When you young people are tempted to go against the directions of your parents, when you older folks are tempted to fudge a little when working on your TurboTax, when any of us are tempted to berate someone, remember these temptations to violate God’s law of love for Him and love for neighbor aren’t sins unless we wimp out and cave into the temptations.

And thank God, when we do sin, because of Jesus Christ, the truly repentant can receive forgiveness and the power to resist temptation in the future.

The third and most important lesson we can learn from Jesus’ being tempted in the wilderness is this: At every turn, Jesus was able to resist the devil by knowing what God says in His Word, the Bible.

Jesus knew not just what the words of the Bible said. He also knew what the words of the Bible were about. That was because He spent time in God’s Word every day. It was His bread and water! As Martin Luther wrote in A Mighty Fortress is Our God, the Christian has the confidence that as the devil tempts us, “one little word”--one word from God--”subdues him.”

Fiery coach Greg Schiano has taken the Rutgers University football program from nowhere to being contenders every year. He’s tough and competitive. He’s also a deeply committed Christian.
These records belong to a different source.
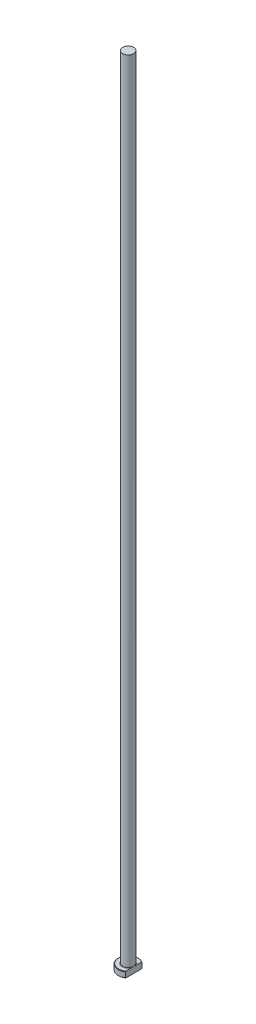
ISO-10303-21;
HEADER;
FILE_DESCRIPTION(('STEP AP214'),'2;1');
FILE_NAME('part.step','',(''),(''),'','','');
FILE_SCHEMA(('AUTOMOTIVE_DESIGN { 1 0 10303 214 1 1 1 1 }'));
ENDSEC;
DATA;
#1=APPLICATION_CONTEXT('core data for automotive mechanical design processes');
#2=APPLICATION_PROTOCOL_DEFINITION('international standard','automotive_design',2000,#1);
#3=PRODUCT_CONTEXT('',#1,'mechanical');
#4=PRODUCT('Part','Part','',(#3));
#5=PRODUCT_RELATED_PRODUCT_CATEGORY('part','',(#4));
#6=PRODUCT_DEFINITION_FORMATION('','',#4);
#7=PRODUCT_DEFINITION_CONTEXT('part definition',#1,'design');
#8=PRODUCT_DEFINITION('design','',#6,#7);
#9=PRODUCT_DEFINITION_SHAPE('','',#8);
#10=(LENGTH_UNIT() NAMED_UNIT(*) SI_UNIT(.MILLI.,.METRE.));
#11=(NAMED_UNIT(*) PLANE_ANGLE_UNIT() SI_UNIT($,.RADIAN.));
#12=(NAMED_UNIT(*) SI_UNIT($,.STERADIAN.) SOLID_ANGLE_UNIT());
#13=UNCERTAINTY_MEASURE_WITH_UNIT(LENGTH_MEASURE(1.E-05),#10,'distance_accuracy_value','');
#14=(GEOMETRIC_REPRESENTATION_CONTEXT(3) GLOBAL_UNCERTAINTY_ASSIGNED_CONTEXT((#13)) GLOBAL_UNIT_ASSIGNED_CONTEXT((#10,
#11,#12)) REPRESENTATION_CONTEXT('',''));
#15=CARTESIAN_POINT('',(0.,0.,0.));
#16=DIRECTION('',(0.,0.,1.));
#17=DIRECTION('',(1.,0.,0.));
#18=AXIS2_PLACEMENT_3D('',#15,#16,#17);
#19=CARTESIAN_POINT('',(0.,0.,0.));
#20=DIRECTION('',(0.,-1.,0.));
#21=DIRECTION('',(0.,0.,-1.));
#22=AXIS2_PLACEMENT_3D('',#19,#20,#21);
#23=PLANE('',#22);
#24=CARTESIAN_POINT('',(0.,0.,0.));
#25=DIRECTION('',(0.,-1.,0.));
#26=DIRECTION('',(0.,0.,-1.));
#27=AXIS2_PLACEMENT_3D('',#24,#25,#26);
#28=CIRCLE('',#27,4.79999999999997);
#29=CARTESIAN_POINT('',(2.74999999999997,0.,3.93414539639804));
#30=VERTEX_POINT('',#29);
#31=CARTESIAN_POINT('',(2.74999999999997,0.,-3.93414539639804));
#32=VERTEX_POINT('',#31);
#33=EDGE_CURVE('E98',#30,#32,#28,.T.);
#34=ORIENTED_EDGE('',*,*,#33,.T.);
#35=DIRECTION('',(0.,0.,1.));
#36=VECTOR('',#35,1.);
#37=CARTESIAN_POINT('',(2.74999999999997,0.,-4.1758232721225));
#38=LINE('',#37,#36);
#39=EDGE_CURVE('E83',#32,#30,#38,.T.);
#40=ORIENTED_EDGE('',*,*,#39,.T.);
#41=EDGE_LOOP('',(#34,#40));
#42=FACE_BOUND('',#41,.T.);
#43=ADVANCED_FACE('F32',(#42),#23,.T.);
#44=CARTESIAN_POINT('',(0.,259.958771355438,0.));
#45=DIRECTION('',(0.,1.,0.));
#46=DIRECTION('',(0.,0.,1.));
#47=AXIS2_PLACEMENT_3D('',#44,#45,#46);
#48=CYLINDRICAL_SURFACE('',#47,4.99999999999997);
#49=CARTESIAN_POINT('',(0.,2.80000000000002,0.));
#50=DIRECTION('',(0.,1.,0.));
#51=DIRECTION('',(0.,0.,1.));
#52=AXIS2_PLACEMENT_3D('',#49,#50,#51);
#53=CIRCLE('',#52,4.99999999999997);
#54=CARTESIAN_POINT('',(2.74999999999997,2.80000000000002,4.1758232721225));
#55=VERTEX_POINT('',#54);
#56=CARTESIAN_POINT('',(2.74999999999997,2.80000000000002,-4.1758232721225));
#57=VERTEX_POINT('',#56);
#58=EDGE_CURVE('E104',#55,#57,#53,.F.);
#59=ORIENTED_EDGE('',*,*,#58,.T.);
#60=DIRECTION('',(0.,-1.,0.));
#61=VECTOR('',#60,1.);
#62=CARTESIAN_POINT('',(2.74999999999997,400.,-4.1758232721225));
#63=LINE('',#62,#61);
#64=CARTESIAN_POINT('',(2.74999999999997,0.199999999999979,-4.1758232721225));
#65=VERTEX_POINT('',#64);
#66=EDGE_CURVE('E183',#57,#65,#63,.T.);
#67=ORIENTED_EDGE('',*,*,#66,.T.);
#68=CARTESIAN_POINT('',(0.,0.199999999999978,0.));
#69=DIRECTION('',(0.,-1.,0.));
#70=DIRECTION('',(0.,0.,-1.));
#71=AXIS2_PLACEMENT_3D('',#68,#69,#70);
#72=CIRCLE('',#71,4.99999999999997);
#73=CARTESIAN_POINT('',(2.74999999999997,0.199999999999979,4.1758232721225));
#74=VERTEX_POINT('',#73);
#75=EDGE_CURVE('E100',#65,#74,#72,.F.);
#76=ORIENTED_EDGE('',*,*,#75,.T.);
#77=DIRECTION('',(0.,-1.,0.));
#78=VECTOR('',#77,1.);
#79=CARTESIAN_POINT('',(2.74999999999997,400.,4.1758232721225));
#80=LINE('',#79,#78);
#81=EDGE_CURVE('E93',#55,#74,#80,.T.);
#82=ORIENTED_EDGE('',*,*,#81,.F.);
#83=EDGE_LOOP('',(#59,#67,#76,#82));
#84=FACE_BOUND('',#83,.T.);
#85=ADVANCED_FACE('F158',(#84),#48,.T.);
#86=CARTESIAN_POINT('',(-4.99999999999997,3.,0.));
#87=DIRECTION('',(0.,1.,0.));
#88=DIRECTION('',(0.,0.,1.));
#89=AXIS2_PLACEMENT_3D('',#86,#87,#88);
#90=PLANE('',#89);
#91=CARTESIAN_POINT('',(0.,3.,0.));
#92=DIRECTION('',(0.,1.,0.));
#93=DIRECTION('',(0.,0.,1.));
#94=AXIS2_PLACEMENT_3D('',#91,#92,#93);
#95=CIRCLE('',#94,4.79999999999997);
#96=CARTESIAN_POINT('',(2.74999999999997,3.,-3.93414539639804));
#97=VERTEX_POINT('',#96);
#98=CARTESIAN_POINT('',(2.74999999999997,3.,3.93414539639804));
#99=VERTEX_POINT('',#98);
#100=EDGE_CURVE('E178',#97,#99,#95,.T.);
#101=ORIENTED_EDGE('',*,*,#100,.T.);
#102=DIRECTION('',(0.,0.,-1.));
#103=VECTOR('',#102,1.);
#104=CARTESIAN_POINT('',(2.74999999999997,3.,0.));
#105=LINE('',#104,#103);
#106=CARTESIAN_POINT('',(2.74999999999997,2.99999999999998,1.06770782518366));
#107=VERTEX_POINT('',#106);
#108=EDGE_CURVE('E57',#99,#107,#105,.T.);
#109=ORIENTED_EDGE('',*,*,#108,.T.);
#110=CARTESIAN_POINT('',(0.,3.,0.));
#111=DIRECTION('',(0.,1.,0.));
#112=DIRECTION('',(0.,0.,1.));
#113=AXIS2_PLACEMENT_3D('',#110,#111,#112);
#114=CIRCLE('',#113,2.94999999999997);
#115=CARTESIAN_POINT('',(2.74999999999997,2.99999999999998,-1.06770782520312));
#116=VERTEX_POINT('',#115);
#117=EDGE_CURVE('E107',#107,#116,#114,.F.);
#118=ORIENTED_EDGE('',*,*,#117,.T.);
#119=EDGE_CURVE('E136',#116,#97,#105,.T.);
#120=ORIENTED_EDGE('',*,*,#119,.T.);
#121=EDGE_LOOP('',(#101,#109,#118,#120));
#122=FACE_BOUND('',#121,.T.);
#123=ADVANCED_FACE('F147',(#122),#90,.T.);
#124=CARTESIAN_POINT('',(0.,3.,0.));
#125=DIRECTION('',(0.,-1.,0.));
#126=DIRECTION('',(0.,0.,-1.));
#127=AXIS2_PLACEMENT_3D('',#124,#125,#126);
#128=CONICAL_SURFACE('',#127,4.79999999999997,0.785398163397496);
#129=ORIENTED_EDGE('',*,*,#58,.F.);
#130=CARTESIAN_POINT('',(2.74999999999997,-1.79114558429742,9.18844783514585));
#131=CARTESIAN_POINT('',(2.74999999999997,-1.62476324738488,9.0147689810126));
#132=CARTESIAN_POINT('',(2.74999999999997,-1.45857819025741,8.84090089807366));
#133=CARTESIAN_POINT('',(2.74999999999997,-1.12668775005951,8.49270511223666));
#134=CARTESIAN_POINT('',(2.74999999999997,-0.960982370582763,8.31837740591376));
#135=CARTESIAN_POINT('',(2.74999999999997,-0.464632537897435,7.79449769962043));
#136=CARTESIAN_POINT('',(2.74999999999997,-0.13483958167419,7.44413786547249));
#137=CARTESIAN_POINT('',(2.74999999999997,0.521406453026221,6.74030951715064));
#138=CARTESIAN_POINT('',(2.74999999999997,0.847859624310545,6.38684108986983));
#139=CARTESIAN_POINT('',(2.74999999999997,1.33353933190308,5.85303151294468));
#140=CARTESIAN_POINT('',(2.74999999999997,1.49475728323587,5.67450358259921));
#141=CARTESIAN_POINT('',(2.74999999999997,1.8154555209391,5.31589537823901));
#142=CARTESIAN_POINT('',(2.74999999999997,1.97493583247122,5.13581512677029));
#143=CARTESIAN_POINT('',(2.74999999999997,2.28246157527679,4.78409714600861));
#144=CARTESIAN_POINT('',(2.74999999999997,2.43063567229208,4.6125721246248));
#145=CARTESIAN_POINT('',(2.74999999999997,2.72427023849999,4.26717959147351));
#146=CARTESIAN_POINT('',(2.74999999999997,2.86973045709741,4.09331186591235));
#147=CARTESIAN_POINT('',(2.74999999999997,3.15716227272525,3.74214491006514));
#148=CARTESIAN_POINT('',(2.74999999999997,3.29912659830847,3.56483970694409));
#149=CARTESIAN_POINT('',(2.74999999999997,3.57763983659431,3.20603939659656));
#150=CARTESIAN_POINT('',(2.74999999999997,3.7141898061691,3.02454511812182));
#151=CARTESIAN_POINT('',(2.74999999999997,3.93857405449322,2.71219163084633));
#152=CARTESIAN_POINT('',(2.74999999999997,4.02851673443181,2.58285434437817));
#153=CARTESIAN_POINT('',(2.74999999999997,4.20308451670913,2.3205424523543));
#154=CARTESIAN_POINT('',(2.74999999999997,4.28770764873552,2.18756652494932));
#155=CARTESIAN_POINT('',(2.74999999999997,4.44931959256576,1.91735675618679));
#156=CARTESIAN_POINT('',(2.74999999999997,4.52632375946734,1.7801322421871));
#157=CARTESIAN_POINT('',(2.74999999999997,4.66966790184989,1.50031327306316));
#158=CARTESIAN_POINT('',(2.74999999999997,4.73601725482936,1.35772367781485));
#159=CARTESIAN_POINT('',(2.74999999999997,4.86065113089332,1.04856386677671));
#160=CARTESIAN_POINT('',(2.74999999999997,4.91700799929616,0.881171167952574));
#161=CARTESIAN_POINT('',(2.74999999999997,4.9810280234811,0.625229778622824));
#162=CARTESIAN_POINT('',(2.74999999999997,4.99893817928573,0.539229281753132));
#163=CARTESIAN_POINT('',(2.74999999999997,5.02707157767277,0.365959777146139));
#164=CARTESIAN_POINT('',(2.74999999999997,5.03729562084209,0.278690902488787));
#165=CARTESIAN_POINT('',(2.74999999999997,5.04949232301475,0.102763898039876));
#166=CARTESIAN_POINT('',(2.74999999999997,5.05138838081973,0.0141003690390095));
#167=CARTESIAN_POINT('',(2.74999999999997,5.04659669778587,-0.16299024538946));
#168=CARTESIAN_POINT('',(2.74999999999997,5.03990892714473,-0.25141732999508));
#169=CARTESIAN_POINT('',(2.74999999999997,5.01835539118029,-0.427430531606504));
#170=CARTESIAN_POINT('',(2.74999999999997,5.00347341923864,-0.51501463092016));
#171=CARTESIAN_POINT('',(2.74999999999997,4.96636720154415,-0.688602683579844));
#172=CARTESIAN_POINT('',(2.74999999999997,4.94414138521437,-0.774606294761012));
#173=CARTESIAN_POINT('',(2.74999999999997,4.88037969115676,-0.988315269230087));
#174=CARTESIAN_POINT('',(2.74999999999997,4.8347849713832,-1.11480587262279));
#175=CARTESIAN_POINT('',(2.74999999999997,4.73271903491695,-1.36329985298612));
#176=CARTESIAN_POINT('',(2.74999999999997,4.67623944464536,-1.48529968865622));
#177=CARTESIAN_POINT('',(2.74999999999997,4.55498227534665,-1.72582737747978));
#178=CARTESIAN_POINT('',(2.74999999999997,4.49016436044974,-1.84433466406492));
#179=CARTESIAN_POINT('',(2.74999999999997,4.38849038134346,-2.01944141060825));
#180=CARTESIAN_POINT('',(2.74999999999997,4.35386385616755,-2.07735876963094));
#181=CARTESIAN_POINT('',(2.74999999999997,4.28331846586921,-2.19239883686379));
#182=CARTESIAN_POINT('',(2.74999999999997,4.24739965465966,-2.24952157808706));
#183=CARTESIAN_POINT('',(2.74999999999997,4.12488368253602,-2.44019263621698));
#184=CARTESIAN_POINT('',(2.74999999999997,4.03574833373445,-2.57211125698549));
#185=CARTESIAN_POINT('',(2.74999999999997,3.85300432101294,-2.83282496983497));
#186=CARTESIAN_POINT('',(2.74999999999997,3.75939460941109,-2.96161931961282));
#187=CARTESIAN_POINT('',(2.74999999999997,3.56878484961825,-3.21681212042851));
#188=CARTESIAN_POINT('',(2.74999999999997,3.47178237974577,-3.34320875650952));
#189=CARTESIAN_POINT('',(2.74999999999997,3.27524323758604,-3.59402090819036));
#190=CARTESIAN_POINT('',(2.74999999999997,3.17570641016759,-3.71843630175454));
#191=CARTESIAN_POINT('',(2.74999999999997,2.97442282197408,-3.96596722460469));
#192=CARTESIAN_POINT('',(2.74999999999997,2.87267126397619,-4.08907884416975));
#193=CARTESIAN_POINT('',(2.74999999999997,2.66760125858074,-4.3339916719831));
#194=CARTESIAN_POINT('',(2.74999999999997,2.56428277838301,-4.45579285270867));
#195=CARTESIAN_POINT('',(2.74999999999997,2.25255029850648,-4.81947940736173));
#196=CARTESIAN_POINT('',(2.74999999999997,2.04226620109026,-5.05976099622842));
#197=CARTESIAN_POINT('',(2.74999999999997,1.61812846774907,-5.5376054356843));
#198=CARTESIAN_POINT('',(2.74999999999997,1.40427119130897,-5.77516503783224));
#199=CARTESIAN_POINT('',(2.74999999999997,0.974157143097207,-6.24814387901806));
#200=CARTESIAN_POINT('',(2.74999999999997,0.757900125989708,-6.48356289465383));
#201=CARTESIAN_POINT('',(2.74999999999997,0.323911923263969,-6.95249982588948));
#202=CARTESIAN_POINT('',(2.74999999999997,0.106182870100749,-7.186019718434));
#203=CARTESIAN_POINT('',(2.74999999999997,-0.330587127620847,-7.65182952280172));
#204=CARTESIAN_POINT('',(2.74999999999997,-0.549628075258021,-7.88411943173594));
#205=CARTESIAN_POINT('',(2.74999999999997,-0.854135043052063,-8.20563072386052));
#206=CARTESIAN_POINT('',(2.74999999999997,-0.939169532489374,-8.29526139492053));
#207=CARTESIAN_POINT('',(2.74999999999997,-1.10939110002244,-8.47440444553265));
#208=CARTESIAN_POINT('',(2.74999999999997,-1.19457819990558,-8.56391680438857));
#209=CARTESIAN_POINT('',(2.74999999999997,-1.36493542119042,-8.74266965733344));
#210=CARTESIAN_POINT('',(2.74999999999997,-1.45010532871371,-8.83191035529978));
#211=CARTESIAN_POINT('',(2.74999999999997,-1.62054776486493,-9.01026683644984));
#212=CARTESIAN_POINT('',(2.74999999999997,-1.70582027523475,-9.09938263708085));
#213=CARTESIAN_POINT('',(2.74999999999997,-1.79114558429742,-9.18844783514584));
#214=B_SPLINE_CURVE_WITH_KNOTS('',3,(#130,#131,#132,#133,#134,#135,#136,#137,#138,#139,#140,
#141,#142,#143,#144,#145,#146,#147,#148,#149,#150,#151,#152,#153,#154,#155,#156,#157,#158,#159,
#160,#161,#162,#163,#164,#165,#166,#167,#168,#169,#170,#171,#172,#173,#174,#175,#176,#177,#178,
#179,#180,#181,#182,#183,#184,#185,#186,#187,#188,#189,#190,#191,#192,#193,#194,#195,#196,#197,
#198,#199,#200,#201,#202,#203,#204,#205,#206,#207,#208,#209,#210,#211,#212,#213),.UNSPECIFIED.,
.F.,.F.,(4,2,2,2,2,2,2,2,2,2,2,2,2,2,2,2,2,2,2,2,2,2,2,2,2,2,2,2,2,2,2,2,2,2,2,2,2,2,2,2,2,4),
(0.,0.721544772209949,1.4430949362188,2.88656432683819,4.32999349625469,5.05163004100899,
5.77325612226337,6.45322671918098,7.13325979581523,7.81460476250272,8.49581607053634,
8.96833065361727,9.4410192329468,9.91273488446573,10.3840330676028,10.9119743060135,
11.1752192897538,11.4384368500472,11.7040704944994,11.9697050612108,12.2358669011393,
12.5020857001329,12.9047274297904,13.3076801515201,13.712661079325,13.9150857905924,
14.1175020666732,14.5949844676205,15.0725792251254,15.5505221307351,16.0284943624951,
16.5076321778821,16.9867800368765,17.94463622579,18.9035363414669,19.862535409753,
20.8203587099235,21.7781842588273,22.1488332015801,22.5195401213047,22.889621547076,
23.259644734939),.UNSPECIFIED.);
#215=EDGE_CURVE('E135',#55,#99,#214,.T.);
#216=ORIENTED_EDGE('',*,*,#215,.T.);
#217=ORIENTED_EDGE('',*,*,#100,.F.);
#218=EDGE_CURVE('E127',#97,#57,#214,.T.);
#219=ORIENTED_EDGE('',*,*,#218,.T.);
#220=EDGE_LOOP('',(#129,#216,#217,#219));
#221=FACE_BOUND('',#220,.T.);
#222=ADVANCED_FACE('F143',(#221),#128,.T.);
#223=CARTESIAN_POINT('',(0.,0.199999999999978,0.));
#224=DIRECTION('',(0.,1.,0.));
#225=DIRECTION('',(0.,0.,1.));
#226=AXIS2_PLACEMENT_3D('',#223,#224,#225);
#227=CONICAL_SURFACE('',#226,4.99999999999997,0.785398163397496);
#228=ORIENTED_EDGE('',*,*,#75,.F.);
#229=CARTESIAN_POINT('',(2.74999999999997,4.79114558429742,-9.18844783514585));
#230=CARTESIAN_POINT('',(2.74999999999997,4.62476324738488,-9.0147689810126));
#231=CARTESIAN_POINT('',(2.74999999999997,4.45857819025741,-8.84090089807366));
#232=CARTESIAN_POINT('',(2.74999999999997,4.12668775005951,-8.49270511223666));
#233=CARTESIAN_POINT('',(2.74999999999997,3.96098237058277,-8.31837740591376));
#234=CARTESIAN_POINT('',(2.74999999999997,3.46463253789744,-7.79449769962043));
#235=CARTESIAN_POINT('',(2.74999999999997,3.13483958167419,-7.44413786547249));
#236=CARTESIAN_POINT('',(2.74999999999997,2.47859354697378,-6.74030951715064));
#237=CARTESIAN_POINT('',(2.74999999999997,2.15214037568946,-6.38684108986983));
#238=CARTESIAN_POINT('',(2.74999999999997,1.66646066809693,-5.85303151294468));
#239=CARTESIAN_POINT('',(2.74999999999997,1.50524271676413,-5.67450358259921));
#240=CARTESIAN_POINT('',(2.74999999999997,1.1845444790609,-5.31589537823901));
#241=CARTESIAN_POINT('',(2.74999999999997,1.02506416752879,-5.13581512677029));
#242=CARTESIAN_POINT('',(2.74999999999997,0.717538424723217,-4.78409714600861));
#243=CARTESIAN_POINT('',(2.74999999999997,0.569364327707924,-4.6125721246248));
#244=CARTESIAN_POINT('',(2.74999999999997,0.275729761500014,-4.26717959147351));
#245=CARTESIAN_POINT('',(2.74999999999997,0.130269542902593,-4.09331186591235));
#246=CARTESIAN_POINT('',(2.74999999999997,-0.157162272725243,-3.74214491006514));
#247=CARTESIAN_POINT('',(2.74999999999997,-0.299126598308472,-3.56483970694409));
#248=CARTESIAN_POINT('',(2.74999999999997,-0.577639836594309,-3.20603939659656));
#249=CARTESIAN_POINT('',(2.74999999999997,-0.714189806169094,-3.02454511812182));
#250=CARTESIAN_POINT('',(2.74999999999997,-0.938574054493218,-2.71219163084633));
#251=CARTESIAN_POINT('',(2.74999999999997,-1.02851673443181,-2.58285434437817));
#252=CARTESIAN_POINT('',(2.74999999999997,-1.20308451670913,-2.3205424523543));
#253=CARTESIAN_POINT('',(2.74999999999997,-1.28770764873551,-2.18756652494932));
#254=CARTESIAN_POINT('',(2.74999999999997,-1.44931959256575,-1.91735675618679));
#255=CARTESIAN_POINT('',(2.74999999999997,-1.52632375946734,-1.7801322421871));
#256=CARTESIAN_POINT('',(2.74999999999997,-1.66966790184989,-1.50031327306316));
#257=CARTESIAN_POINT('',(2.74999999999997,-1.73601725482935,-1.35772367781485));
#258=CARTESIAN_POINT('',(2.74999999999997,-1.86065113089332,-1.04856386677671));
#259=CARTESIAN_POINT('',(2.74999999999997,-1.91700799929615,-0.881171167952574));
#260=CARTESIAN_POINT('',(2.74999999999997,-1.9810280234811,-0.625229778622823));
#261=CARTESIAN_POINT('',(2.74999999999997,-1.99893817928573,-0.539229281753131));
#262=CARTESIAN_POINT('',(2.74999999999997,-2.02707157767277,-0.365959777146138));
#263=CARTESIAN_POINT('',(2.74999999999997,-2.03729562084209,-0.278690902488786));
#264=CARTESIAN_POINT('',(2.74999999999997,-2.04949232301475,-0.102763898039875));
#265=CARTESIAN_POINT('',(2.74999999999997,-2.05138838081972,-0.0141003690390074));
#266=CARTESIAN_POINT('',(2.74999999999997,-2.04659669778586,0.162990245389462));
#267=CARTESIAN_POINT('',(2.74999999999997,-2.03990892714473,0.251417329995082));
#268=CARTESIAN_POINT('',(2.74999999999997,-2.01835539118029,0.427430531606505));
#269=CARTESIAN_POINT('',(2.74999999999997,-2.00347341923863,0.515014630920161));
#270=CARTESIAN_POINT('',(2.74999999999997,-1.96636720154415,0.688602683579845));
#271=CARTESIAN_POINT('',(2.74999999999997,-1.94414138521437,0.774606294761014));
#272=CARTESIAN_POINT('',(2.74999999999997,-1.88037969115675,0.988315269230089));
#273=CARTESIAN_POINT('',(2.74999999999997,-1.83478497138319,1.1148058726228));
#274=CARTESIAN_POINT('',(2.74999999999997,-1.73271903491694,1.36329985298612));
#275=CARTESIAN_POINT('',(2.74999999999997,-1.67623944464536,1.48529968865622));
#276=CARTESIAN_POINT('',(2.74999999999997,-1.55498227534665,1.72582737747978));
#277=CARTESIAN_POINT('',(2.74999999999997,-1.49016436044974,1.84433466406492));
#278=CARTESIAN_POINT('',(2.74999999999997,-1.38849038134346,2.01944141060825));
#279=CARTESIAN_POINT('',(2.74999999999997,-1.35386385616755,2.07735876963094));
#280=CARTESIAN_POINT('',(2.74999999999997,-1.2833184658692,2.19239883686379));
#281=CARTESIAN_POINT('',(2.74999999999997,-1.24739965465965,2.24952157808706));
#282=CARTESIAN_POINT('',(2.74999999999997,-1.12488368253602,2.44019263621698));
#283=CARTESIAN_POINT('',(2.74999999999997,-1.03574833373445,2.57211125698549));
#284=CARTESIAN_POINT('',(2.74999999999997,-0.853004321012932,2.83282496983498));
#285=CARTESIAN_POINT('',(2.74999999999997,-0.759394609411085,2.96161931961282));
#286=CARTESIAN_POINT('',(2.74999999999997,-0.568784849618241,3.21681212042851));
#287=CARTESIAN_POINT('',(2.74999999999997,-0.471782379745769,3.34320875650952));
#288=CARTESIAN_POINT('',(2.74999999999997,-0.275243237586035,3.59402090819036));
#289=CARTESIAN_POINT('',(2.74999999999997,-0.175706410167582,3.71843630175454));
#290=CARTESIAN_POINT('',(2.74999999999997,0.0255771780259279,3.96596722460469));
#291=CARTESIAN_POINT('',(2.74999999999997,0.127328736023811,4.08907884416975));
#292=CARTESIAN_POINT('',(2.74999999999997,0.33239874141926,4.3339916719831));
#293=CARTESIAN_POINT('',(2.74999999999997,0.435717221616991,4.45579285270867));
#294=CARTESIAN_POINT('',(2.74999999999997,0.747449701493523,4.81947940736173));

In an interview with Sports Spectrum magazine a few years ago, he said, “When I’m doing well [as a Christian and a person], it’s getting in the Word in the morning and constant prayer. When I’m not doing well, it’s ‘I’m too busy to get in the Word’ in the morning, and I go to bed at night and I haven’t talked to God all day.”

If you and I are intent on having a meaningful life and to be prepared to resist the temptation to walk away from God, the only Giver of life, we need to make our relationship with Jesus Christ our number one priority. God first; no exceptions. It only seems fair when you think about it: God has put us first, so reciprocating seems the appropriate response. When we’re focused on the God we meet in Jesus Christ, we’re empowered to live life as it’s meant to be lived!

This Lenten season, as we consider the spiritual discipline of prayer during our midweek services, I ask you to allow a daily time with God’s Word to inform your praying.

When we, like Jesus, get to know our Father and lean on His Word, we build a tower of faith in Christ and an ability to really live life that no one and nothing can tear down!